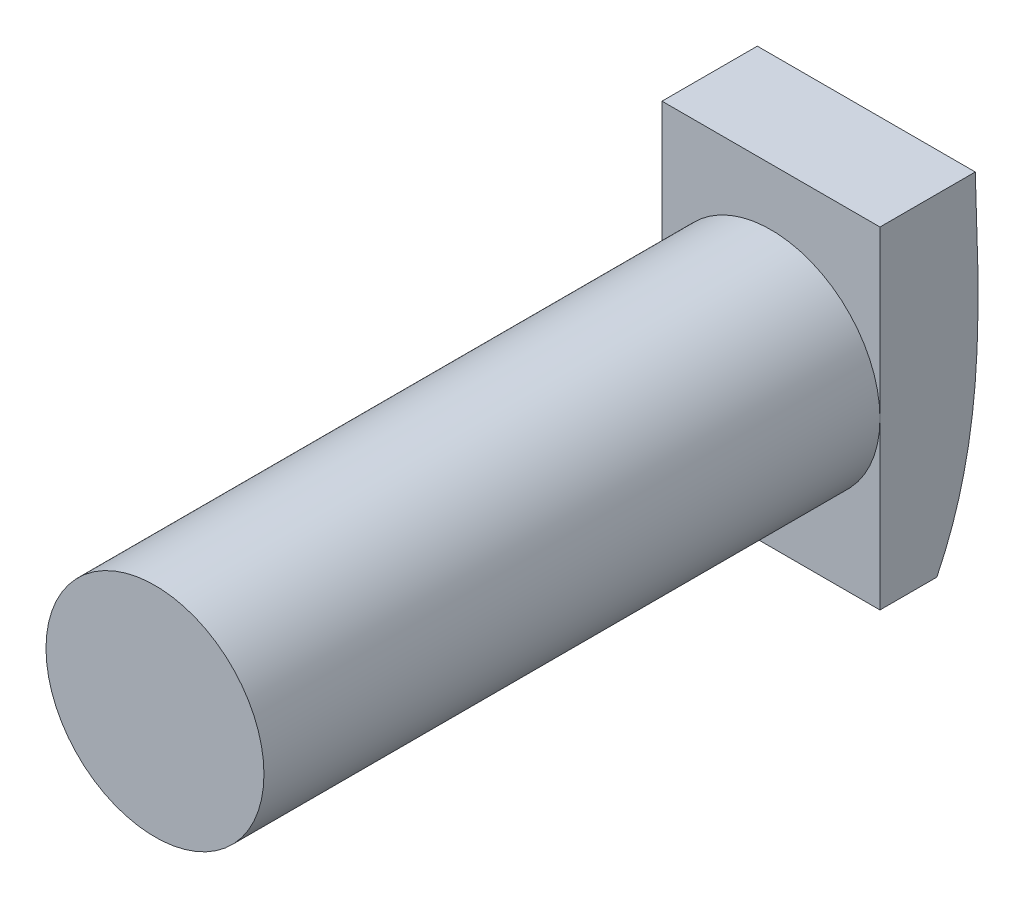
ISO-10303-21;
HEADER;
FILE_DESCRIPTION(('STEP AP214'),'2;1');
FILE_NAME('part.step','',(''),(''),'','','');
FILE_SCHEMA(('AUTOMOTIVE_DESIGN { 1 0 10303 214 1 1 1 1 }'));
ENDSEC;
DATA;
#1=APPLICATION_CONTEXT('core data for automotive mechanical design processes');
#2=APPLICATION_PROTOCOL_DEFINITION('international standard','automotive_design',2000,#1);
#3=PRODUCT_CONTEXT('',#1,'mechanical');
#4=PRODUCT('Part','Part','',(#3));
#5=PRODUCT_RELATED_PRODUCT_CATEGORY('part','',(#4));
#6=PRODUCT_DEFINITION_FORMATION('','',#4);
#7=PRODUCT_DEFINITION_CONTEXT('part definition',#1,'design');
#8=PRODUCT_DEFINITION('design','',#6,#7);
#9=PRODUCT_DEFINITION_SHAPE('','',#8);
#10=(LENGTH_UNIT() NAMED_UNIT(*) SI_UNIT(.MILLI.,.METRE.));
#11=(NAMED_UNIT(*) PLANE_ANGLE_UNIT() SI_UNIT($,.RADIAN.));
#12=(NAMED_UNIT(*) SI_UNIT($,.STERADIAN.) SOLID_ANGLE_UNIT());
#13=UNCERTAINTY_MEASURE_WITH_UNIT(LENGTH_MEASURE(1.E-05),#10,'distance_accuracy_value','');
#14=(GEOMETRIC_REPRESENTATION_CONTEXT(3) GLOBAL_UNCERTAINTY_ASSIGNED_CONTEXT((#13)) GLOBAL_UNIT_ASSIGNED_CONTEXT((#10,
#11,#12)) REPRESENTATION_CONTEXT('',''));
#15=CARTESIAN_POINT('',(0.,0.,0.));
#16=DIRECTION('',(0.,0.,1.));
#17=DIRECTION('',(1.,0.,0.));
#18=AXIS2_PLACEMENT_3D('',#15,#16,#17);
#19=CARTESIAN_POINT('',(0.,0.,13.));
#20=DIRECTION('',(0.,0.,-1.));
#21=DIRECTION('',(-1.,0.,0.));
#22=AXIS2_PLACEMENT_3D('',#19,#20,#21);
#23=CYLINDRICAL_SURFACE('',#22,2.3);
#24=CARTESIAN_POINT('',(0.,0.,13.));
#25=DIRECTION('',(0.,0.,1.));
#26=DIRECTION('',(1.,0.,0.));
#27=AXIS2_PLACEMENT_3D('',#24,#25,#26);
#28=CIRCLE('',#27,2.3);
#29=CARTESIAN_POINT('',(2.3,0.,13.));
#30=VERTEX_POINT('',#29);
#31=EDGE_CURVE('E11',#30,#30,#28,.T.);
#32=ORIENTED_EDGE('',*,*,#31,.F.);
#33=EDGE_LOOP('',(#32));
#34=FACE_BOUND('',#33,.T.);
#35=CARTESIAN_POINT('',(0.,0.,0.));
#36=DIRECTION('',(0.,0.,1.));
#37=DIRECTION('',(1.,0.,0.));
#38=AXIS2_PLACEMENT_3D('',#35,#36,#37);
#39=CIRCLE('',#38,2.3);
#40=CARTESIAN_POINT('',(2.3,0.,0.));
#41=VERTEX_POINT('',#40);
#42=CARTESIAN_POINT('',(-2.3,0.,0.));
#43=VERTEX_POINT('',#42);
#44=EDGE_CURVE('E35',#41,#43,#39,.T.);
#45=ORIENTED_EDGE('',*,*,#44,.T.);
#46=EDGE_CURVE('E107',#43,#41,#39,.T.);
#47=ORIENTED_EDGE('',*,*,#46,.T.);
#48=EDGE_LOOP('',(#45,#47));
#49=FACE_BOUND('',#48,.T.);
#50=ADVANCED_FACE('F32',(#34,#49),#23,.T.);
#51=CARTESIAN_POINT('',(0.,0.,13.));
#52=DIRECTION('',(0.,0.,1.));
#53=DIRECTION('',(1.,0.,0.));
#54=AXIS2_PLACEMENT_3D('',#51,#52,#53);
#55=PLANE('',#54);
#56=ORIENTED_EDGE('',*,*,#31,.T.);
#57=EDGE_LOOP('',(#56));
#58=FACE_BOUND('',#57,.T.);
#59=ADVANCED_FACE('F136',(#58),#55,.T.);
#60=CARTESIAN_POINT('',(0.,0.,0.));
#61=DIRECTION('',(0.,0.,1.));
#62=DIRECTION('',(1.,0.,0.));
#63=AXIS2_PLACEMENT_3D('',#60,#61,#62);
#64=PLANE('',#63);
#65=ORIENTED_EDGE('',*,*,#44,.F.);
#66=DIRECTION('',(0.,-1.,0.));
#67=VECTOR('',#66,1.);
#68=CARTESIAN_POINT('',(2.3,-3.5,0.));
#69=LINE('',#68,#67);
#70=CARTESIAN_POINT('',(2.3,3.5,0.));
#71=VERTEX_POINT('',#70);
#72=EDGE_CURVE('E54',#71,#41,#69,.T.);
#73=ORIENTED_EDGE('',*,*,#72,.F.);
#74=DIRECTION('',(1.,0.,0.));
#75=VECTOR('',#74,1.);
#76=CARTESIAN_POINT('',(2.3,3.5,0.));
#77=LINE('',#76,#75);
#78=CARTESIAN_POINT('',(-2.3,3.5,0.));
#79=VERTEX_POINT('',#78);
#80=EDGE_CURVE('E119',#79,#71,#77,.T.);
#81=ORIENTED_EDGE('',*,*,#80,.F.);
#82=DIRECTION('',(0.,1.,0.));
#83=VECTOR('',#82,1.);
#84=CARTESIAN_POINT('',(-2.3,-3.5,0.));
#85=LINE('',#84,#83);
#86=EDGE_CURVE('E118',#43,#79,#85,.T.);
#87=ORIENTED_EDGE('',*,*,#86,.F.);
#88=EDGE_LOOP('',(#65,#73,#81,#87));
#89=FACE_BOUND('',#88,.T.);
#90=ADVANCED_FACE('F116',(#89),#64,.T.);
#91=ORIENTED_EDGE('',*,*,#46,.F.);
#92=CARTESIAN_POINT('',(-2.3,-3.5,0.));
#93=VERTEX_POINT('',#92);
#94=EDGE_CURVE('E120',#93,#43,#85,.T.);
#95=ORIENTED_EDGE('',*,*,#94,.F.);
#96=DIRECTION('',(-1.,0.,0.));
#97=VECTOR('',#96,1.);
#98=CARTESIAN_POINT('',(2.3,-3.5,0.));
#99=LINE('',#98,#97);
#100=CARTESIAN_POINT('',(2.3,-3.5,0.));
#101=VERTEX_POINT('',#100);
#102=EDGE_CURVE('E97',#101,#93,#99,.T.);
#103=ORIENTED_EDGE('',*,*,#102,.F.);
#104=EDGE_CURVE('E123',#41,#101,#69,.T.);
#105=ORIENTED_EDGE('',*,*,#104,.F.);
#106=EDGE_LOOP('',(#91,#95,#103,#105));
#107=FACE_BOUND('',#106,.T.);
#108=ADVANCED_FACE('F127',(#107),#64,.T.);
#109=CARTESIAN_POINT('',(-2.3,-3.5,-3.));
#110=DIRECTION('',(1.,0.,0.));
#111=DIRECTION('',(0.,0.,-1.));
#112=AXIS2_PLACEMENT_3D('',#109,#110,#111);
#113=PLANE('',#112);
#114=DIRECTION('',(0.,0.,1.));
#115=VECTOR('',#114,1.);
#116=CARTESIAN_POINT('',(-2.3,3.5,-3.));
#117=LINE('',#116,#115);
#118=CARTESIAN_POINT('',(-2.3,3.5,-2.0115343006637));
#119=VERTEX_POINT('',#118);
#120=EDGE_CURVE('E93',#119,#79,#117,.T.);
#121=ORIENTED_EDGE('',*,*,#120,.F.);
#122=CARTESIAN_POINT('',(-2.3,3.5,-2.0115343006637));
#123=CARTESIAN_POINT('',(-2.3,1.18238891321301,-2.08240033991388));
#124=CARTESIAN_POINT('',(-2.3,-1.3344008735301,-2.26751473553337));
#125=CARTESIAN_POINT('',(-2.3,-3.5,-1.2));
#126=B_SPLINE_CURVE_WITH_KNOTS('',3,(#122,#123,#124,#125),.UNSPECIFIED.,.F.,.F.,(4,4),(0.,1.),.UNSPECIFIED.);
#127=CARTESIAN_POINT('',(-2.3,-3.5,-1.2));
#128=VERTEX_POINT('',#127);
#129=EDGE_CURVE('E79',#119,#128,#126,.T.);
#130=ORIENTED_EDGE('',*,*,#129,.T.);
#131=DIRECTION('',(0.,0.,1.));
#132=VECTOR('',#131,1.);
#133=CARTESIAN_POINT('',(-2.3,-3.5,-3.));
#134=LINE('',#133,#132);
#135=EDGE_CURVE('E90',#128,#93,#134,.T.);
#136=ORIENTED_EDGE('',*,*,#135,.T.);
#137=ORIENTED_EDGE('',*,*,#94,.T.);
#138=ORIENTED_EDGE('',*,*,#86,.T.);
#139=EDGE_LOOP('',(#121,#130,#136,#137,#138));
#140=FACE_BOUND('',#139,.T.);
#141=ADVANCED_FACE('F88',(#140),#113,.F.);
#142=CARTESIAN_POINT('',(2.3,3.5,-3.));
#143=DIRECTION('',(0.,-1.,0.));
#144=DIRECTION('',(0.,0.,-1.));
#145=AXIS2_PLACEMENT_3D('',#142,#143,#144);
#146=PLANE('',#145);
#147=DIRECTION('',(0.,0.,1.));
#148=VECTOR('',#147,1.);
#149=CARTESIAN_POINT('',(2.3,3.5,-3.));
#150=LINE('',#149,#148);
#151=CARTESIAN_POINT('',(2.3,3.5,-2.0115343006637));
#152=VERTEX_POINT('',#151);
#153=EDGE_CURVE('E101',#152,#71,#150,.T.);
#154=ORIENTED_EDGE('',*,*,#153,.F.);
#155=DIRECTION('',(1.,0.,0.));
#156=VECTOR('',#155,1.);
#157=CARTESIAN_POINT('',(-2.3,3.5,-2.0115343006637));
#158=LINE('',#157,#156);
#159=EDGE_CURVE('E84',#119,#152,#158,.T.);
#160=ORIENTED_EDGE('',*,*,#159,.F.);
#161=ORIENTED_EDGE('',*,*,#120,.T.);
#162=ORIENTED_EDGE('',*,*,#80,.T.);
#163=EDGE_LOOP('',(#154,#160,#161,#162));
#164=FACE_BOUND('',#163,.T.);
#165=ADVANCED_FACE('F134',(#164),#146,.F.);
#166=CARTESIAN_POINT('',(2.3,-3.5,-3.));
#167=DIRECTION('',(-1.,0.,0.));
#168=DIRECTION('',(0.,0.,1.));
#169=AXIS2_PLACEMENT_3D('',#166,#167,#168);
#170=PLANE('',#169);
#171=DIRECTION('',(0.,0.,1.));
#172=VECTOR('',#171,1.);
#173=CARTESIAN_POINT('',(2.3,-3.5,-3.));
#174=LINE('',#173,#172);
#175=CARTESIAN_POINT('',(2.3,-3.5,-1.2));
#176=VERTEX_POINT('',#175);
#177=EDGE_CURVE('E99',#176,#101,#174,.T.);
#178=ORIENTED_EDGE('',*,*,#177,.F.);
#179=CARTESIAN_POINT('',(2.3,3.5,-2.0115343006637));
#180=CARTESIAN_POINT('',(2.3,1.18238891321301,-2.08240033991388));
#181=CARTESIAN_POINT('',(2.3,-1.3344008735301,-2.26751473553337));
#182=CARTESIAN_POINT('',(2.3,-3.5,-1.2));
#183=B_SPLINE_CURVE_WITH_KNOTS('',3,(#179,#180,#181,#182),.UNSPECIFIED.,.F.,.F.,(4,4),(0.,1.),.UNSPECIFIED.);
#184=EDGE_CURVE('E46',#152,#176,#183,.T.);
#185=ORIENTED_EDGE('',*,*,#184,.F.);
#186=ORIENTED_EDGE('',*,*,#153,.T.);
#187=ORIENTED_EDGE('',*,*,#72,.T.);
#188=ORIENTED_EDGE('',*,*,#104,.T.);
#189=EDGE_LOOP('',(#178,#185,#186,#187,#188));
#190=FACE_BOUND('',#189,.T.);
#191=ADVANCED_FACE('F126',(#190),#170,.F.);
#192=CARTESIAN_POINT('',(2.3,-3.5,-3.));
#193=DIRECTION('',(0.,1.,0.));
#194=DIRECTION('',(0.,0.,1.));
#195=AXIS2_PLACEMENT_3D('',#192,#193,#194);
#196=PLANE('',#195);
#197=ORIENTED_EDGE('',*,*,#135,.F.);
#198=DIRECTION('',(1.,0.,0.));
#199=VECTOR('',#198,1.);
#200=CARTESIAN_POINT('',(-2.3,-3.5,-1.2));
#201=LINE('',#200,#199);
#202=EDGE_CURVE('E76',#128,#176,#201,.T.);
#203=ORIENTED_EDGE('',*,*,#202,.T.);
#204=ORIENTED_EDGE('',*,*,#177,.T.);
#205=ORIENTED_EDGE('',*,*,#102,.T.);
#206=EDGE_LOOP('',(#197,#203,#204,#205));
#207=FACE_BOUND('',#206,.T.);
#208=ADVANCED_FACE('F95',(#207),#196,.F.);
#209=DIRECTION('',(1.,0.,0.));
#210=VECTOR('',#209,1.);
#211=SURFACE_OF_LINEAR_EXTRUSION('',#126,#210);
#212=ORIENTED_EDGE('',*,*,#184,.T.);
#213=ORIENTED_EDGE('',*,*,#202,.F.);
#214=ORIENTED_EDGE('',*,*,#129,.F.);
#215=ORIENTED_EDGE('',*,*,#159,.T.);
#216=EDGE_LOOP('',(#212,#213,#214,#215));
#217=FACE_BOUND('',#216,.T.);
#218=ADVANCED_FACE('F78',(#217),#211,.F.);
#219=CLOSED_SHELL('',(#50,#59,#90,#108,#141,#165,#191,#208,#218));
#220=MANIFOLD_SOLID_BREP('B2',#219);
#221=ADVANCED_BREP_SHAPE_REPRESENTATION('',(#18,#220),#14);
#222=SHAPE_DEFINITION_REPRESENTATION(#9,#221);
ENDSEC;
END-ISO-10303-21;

> WHAT YOU SHOULD DO: If a line comes after the line with "#1=APPLICATION_CONTEXT('core data for", it stays out; print exactly every line from the start of the entries up to and including that line, but no pictures.

> RESPONSE TO THIS EXERCISE:
ISO-10303-21;
HEADER;
FILE_DESCRIPTION(('STEP AP214'),'2;1');
FILE_NAME('part.step','',(''),(''),'','','');
FILE_SCHEMA(('AUTOMOTIVE_DESIGN { 1 0 10303 214 1 1 1 1 }'));
ENDSEC;
DATA;
#1=APPLICATION_CONTEXT('core data for automotive mechanical design processes');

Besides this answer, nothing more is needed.